** The data follows **

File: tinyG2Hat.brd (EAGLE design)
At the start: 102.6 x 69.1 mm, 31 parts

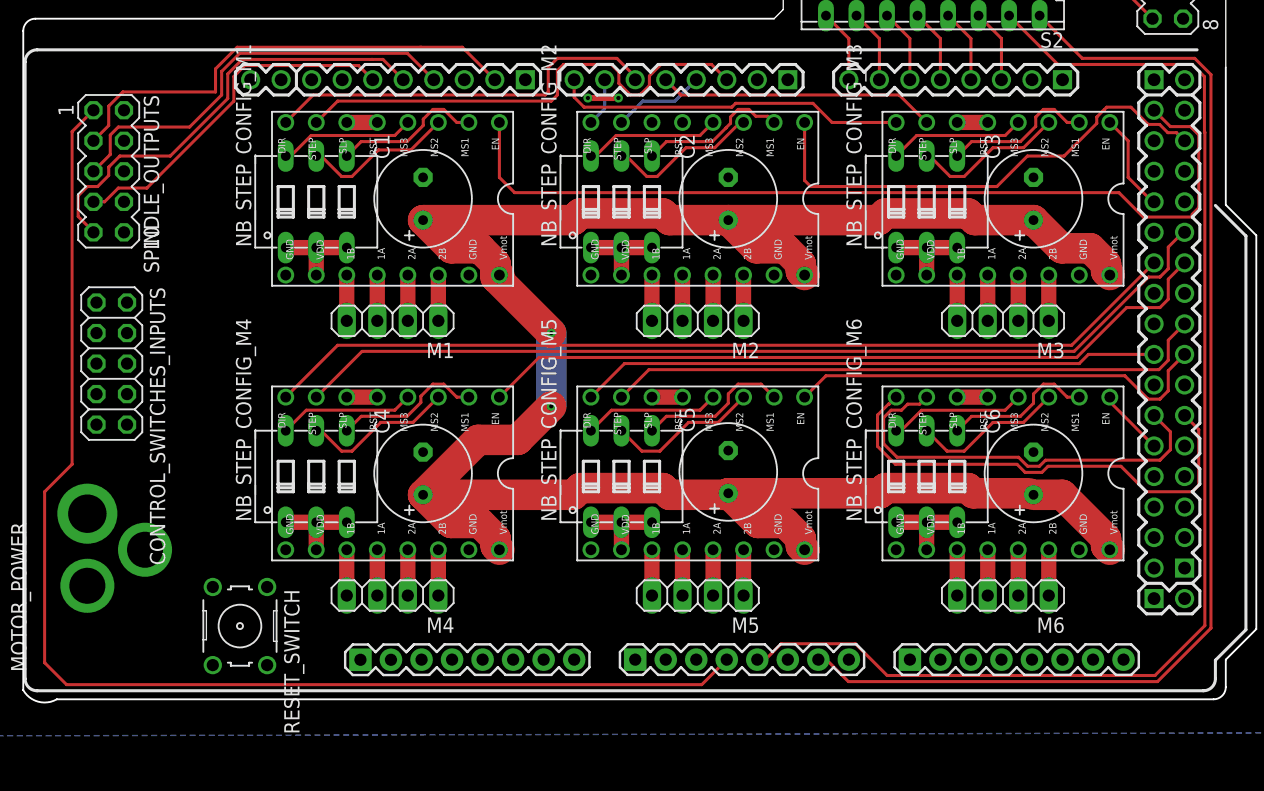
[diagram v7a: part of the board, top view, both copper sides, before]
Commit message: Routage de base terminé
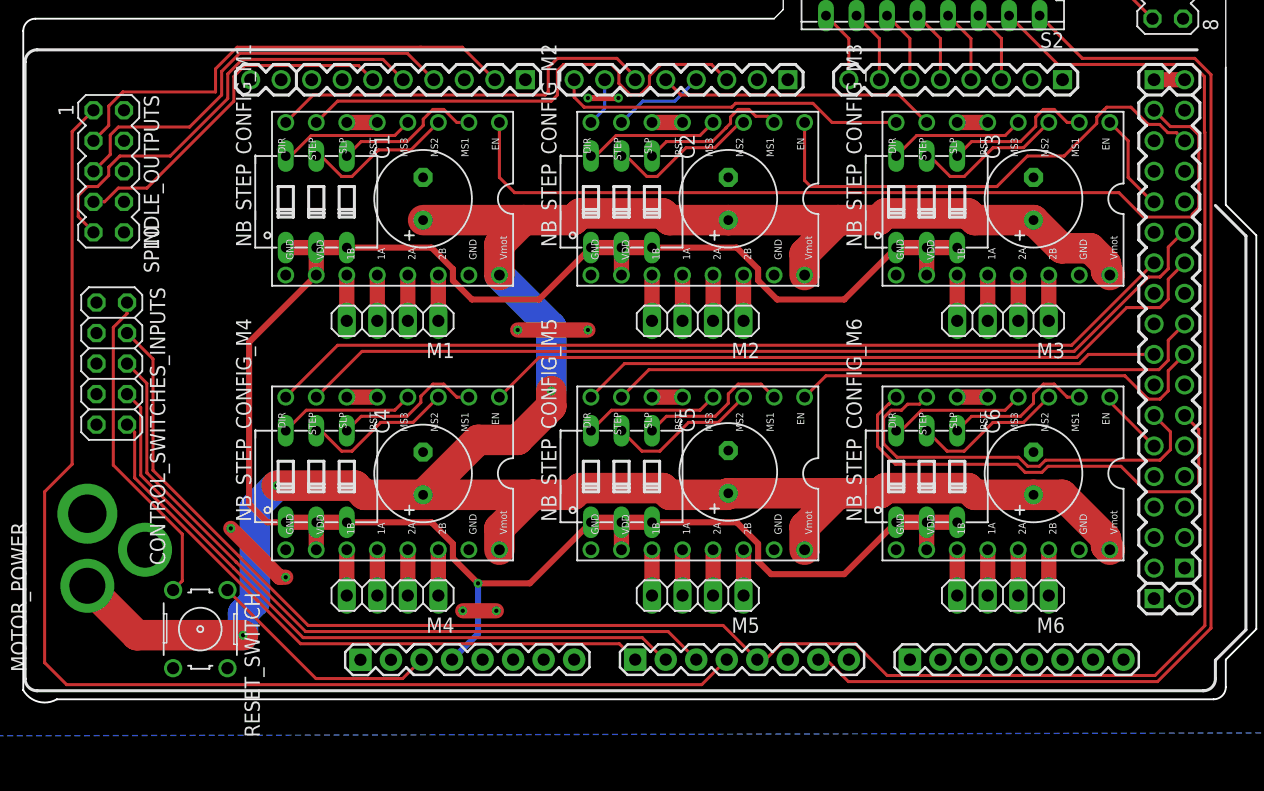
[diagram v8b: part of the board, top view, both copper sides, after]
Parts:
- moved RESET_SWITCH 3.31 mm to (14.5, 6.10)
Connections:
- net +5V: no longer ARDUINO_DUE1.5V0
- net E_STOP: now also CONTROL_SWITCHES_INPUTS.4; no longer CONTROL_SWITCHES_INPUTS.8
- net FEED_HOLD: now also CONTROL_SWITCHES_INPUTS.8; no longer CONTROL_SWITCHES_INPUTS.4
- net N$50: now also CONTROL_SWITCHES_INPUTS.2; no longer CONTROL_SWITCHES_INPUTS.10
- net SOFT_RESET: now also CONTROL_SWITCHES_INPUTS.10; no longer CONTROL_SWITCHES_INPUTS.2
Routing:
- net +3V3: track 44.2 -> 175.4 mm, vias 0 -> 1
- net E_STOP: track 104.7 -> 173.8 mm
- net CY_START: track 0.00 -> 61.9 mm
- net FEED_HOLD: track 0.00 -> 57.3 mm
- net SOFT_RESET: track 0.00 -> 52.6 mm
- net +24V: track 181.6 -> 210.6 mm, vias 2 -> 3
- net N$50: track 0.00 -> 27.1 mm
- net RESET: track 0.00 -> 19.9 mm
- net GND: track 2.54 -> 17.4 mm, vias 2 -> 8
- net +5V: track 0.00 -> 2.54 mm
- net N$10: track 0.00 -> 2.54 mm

** End of The data **

» **Exercise directions**
The entries must be repeated exactly. Leave the images out.

» **Solution to this problem**
File: tinyG2Hat.brd (EAGLE design)
At the start: 102.6 x 69.1 mm, 31 parts

[diagram v7a: part of the board, top view, both copper sides, before]
Commit message: Routage de base terminé
[diagram v8b: part of the board, top view, both copper sides, after]
Parts:
- moved RESET_SWITCH 3.31 mm to (14.5, 6.10)
Connections:
- net +5V: no longer ARDUINO_DUE1.5V0
- net E_STOP: now also CONTROL_SWITCHES_INPUTS.4; no longer CONTROL_SWITCHES_INPUTS.8
- net FEED_HOLD: now also CONTROL_SWITCHES_INPUTS.8; no longer CONTROL_SWITCHES_INPUTS.4
- net N$50: now also CONTROL_SWITCHES_INPUTS.2; no longer CONTROL_SWITCHES_INPUTS.10
- net SOFT_RESET: now also CONTROL_SWITCHES_INPUTS.10; no longer CONTROL_SWITCHES_INPUTS.2
Routing:
- net +3V3: track 44.2 -> 175.4 mm, vias 0 -> 1
- net E_STOP: track 104.7 -> 173.8 mm
- net CY_START: track 0.00 -> 61.9 mm
- net FEED_HOLD: track 0.00 -> 57.3 mm
- net SOFT_RESET: track 0.00 -> 52.6 mm
- net +24V: track 181.6 -> 210.6 mm, vias 2 -> 3
- net N$50: track 0.00 -> 27.1 mm
- net RESET: track 0.00 -> 19.9 mm
- net GND: track 2.54 -> 17.4 mm, vias 2 -> 8
- net +5V: track 0.00 -> 2.54 mm
- net N$10: track 0.00 -> 2.54 mm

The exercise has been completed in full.